Issue: All Requests Get Default Certificate

Symptom: No matter which SNI is sent, always get the default cert.

Diagnosis:

# Check all profiles are assigned
tmsh list ltm virtual my-vs profiles

# Check server-name values
tmsh list ltm profile client-ssl clientssl_site-b server-name
tmsh list ltm profile client-ssl clientssl_site-c server-name

Common causes:

  • Only default profile assigned to VS
  • Server-name not configured in profiles
  • All profiles have sni-default true (only one should!)

Issue: Clients Without SNI Support

Symptom: Old clients/devices get wrong certificate or fail.

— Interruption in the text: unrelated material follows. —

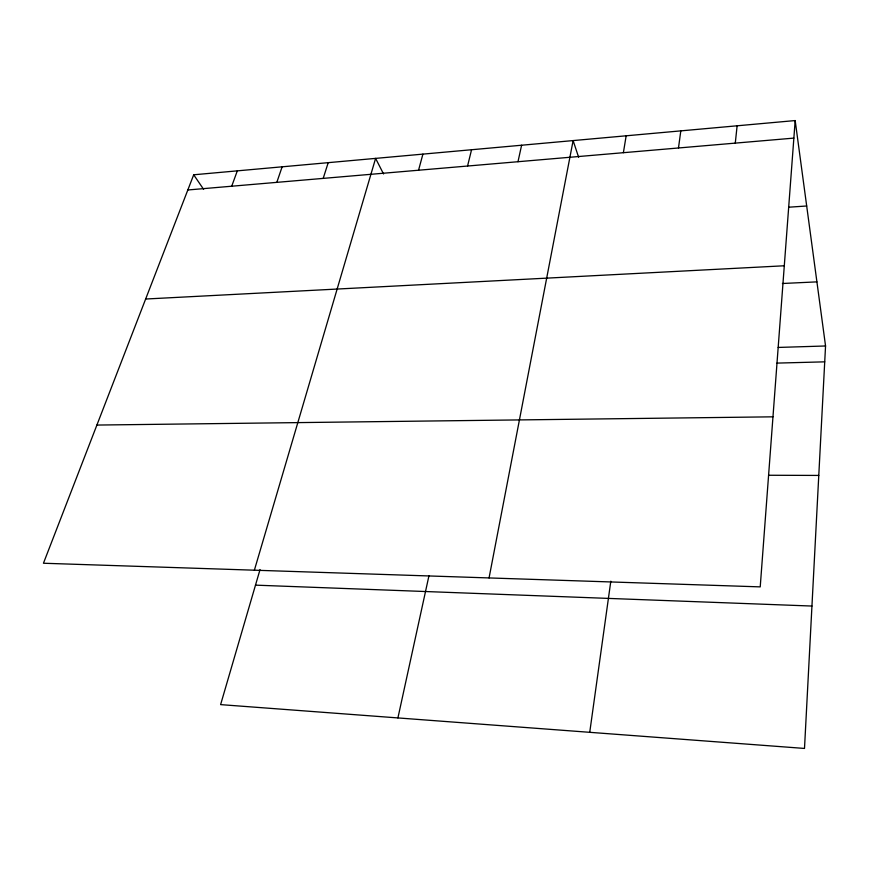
<?xml version="1.0" encoding="UTF-8"?>
<svg xmlns="http://www.w3.org/2000/svg" width="869" height="869" viewBox="0 0 869 869"><rect width="100%" height="100%" fill="white"/><g stroke="black" fill="none" stroke-linecap="round" stroke-linejoin="round"><path stroke-width="1.3" d="M795.178 120.563L760.223 586.879L43.45 563.242L193.7 174.788L795.178 120.563L825.55 345.981L804.498 748.437L220.607 704.618L260.037 569.575M735.283 143.124L737.118 125.799M678.483 147.98L680.807 130.871M589.736 732.328L610.809 581.209M623.388 152.694L626.158 135.803M489.062 577.939L573.116 140.582L578.645 157.289M517.989 161.721L521.606 145.221M397.915 717.924L428.938 575.832M467.565 166.033L471.552 149.74M418.554 170.226L422.91 154.128M254.378 570.194L375.604 158.386L383.544 173.963M323.203 178.384L328.21 162.666M276.82 182.36L282.132 166.815M231.719 186.216L237.313 170.856M187.834 189.974L793.864 138.106M789.128 207.18L806.693 205.996M145.644 299.023L784.294 265.773M782.404 283.5L816.914 281.871M778.179 347.437L825.55 345.981M777.005 363.101L824.724 361.841M96.894 425.06L772.976 416.827M768.598 475.256L818.783 475.43M255.486 585.141L811.95 606.051M193.7 174.788L203.607 189.333"/></g></svg>

Reality check: These clients are rare now:

  • IE on Windows XP
  • Android 2.x
  • Very old Java versions
  • Some IoT devices

Mitigation:

  1. Ensure sni-default true is set on your most important/common site
  2. OR: Use separate IP addresses for critical legacy support

Issue: SNI Not Working After Upgrade

Symptom: SNI worked before, broke after F5 upgrade.

Check:

  • Profile inheritance (parent profile settings)
  • Server-name setting preserved
  • sni-default setting preserved
# Verify all settings
tmsh list ltm profile client-ssl clientssl_site-b all-properties | grep -E "(server-name|sni-default)"

SNI Best Practices

Do's ✓

  • Set ONE profile as sni-default true
  • Use exact server-name matches where possible
  • Test each hostname after configuration
  • Document which profile serves which domain
  • Use consistent naming (clientssl_sitename)

Don'ts ✗

  • Set multiple profiles as sni-default (unpredictable)
  • Forget to configure server-name (won't match)
  • Leave server-name empty in non-default profiles
  • Assign profiles to wrong virtual server

Naming Convention

Recommended naming:

clientssl_[domain]_[year]

Examples:
clientssl_www.example.com_2025
clientssl_api.example.com_2025
clientssl_wildcard.example.com_2025

SNI Configuration Checklist

For EACH site:

  • Certificate imported
  • Key imported
  • Chain imported
  • Client SSL profile created
  • Server-name configured (matches domain exactly)
  • Certificate Key Chain configured

For ONE profile only:

  • sni-default set to true (fallback profile)

For Virtual Server:

  • ALL profiles assigned
  • Profiles show "context clientside"

Testing:

  • Each domain returns correct certificate
  • No-SNI request returns default certificate
  • Configuration saved

Monitoring and Maintenance

Check Which Profile is Serving Traffic

# Enable profile statistics
tmsh modify ltm profile client-ssl clientssl_site-a stats-enabled true

# View statistics
tmsh show ltm profile client-ssl clientssl_site-a

Certificate Renewal with SNI

When renewing certificates:

  1. Import new certificate with new name (e.g., site-a.com_2026)
  2. Update the profile's Certificate Key Chain
  3. Test
  4. Delete old certificate

Important: You don't need to create new profiles - just update the certificate reference.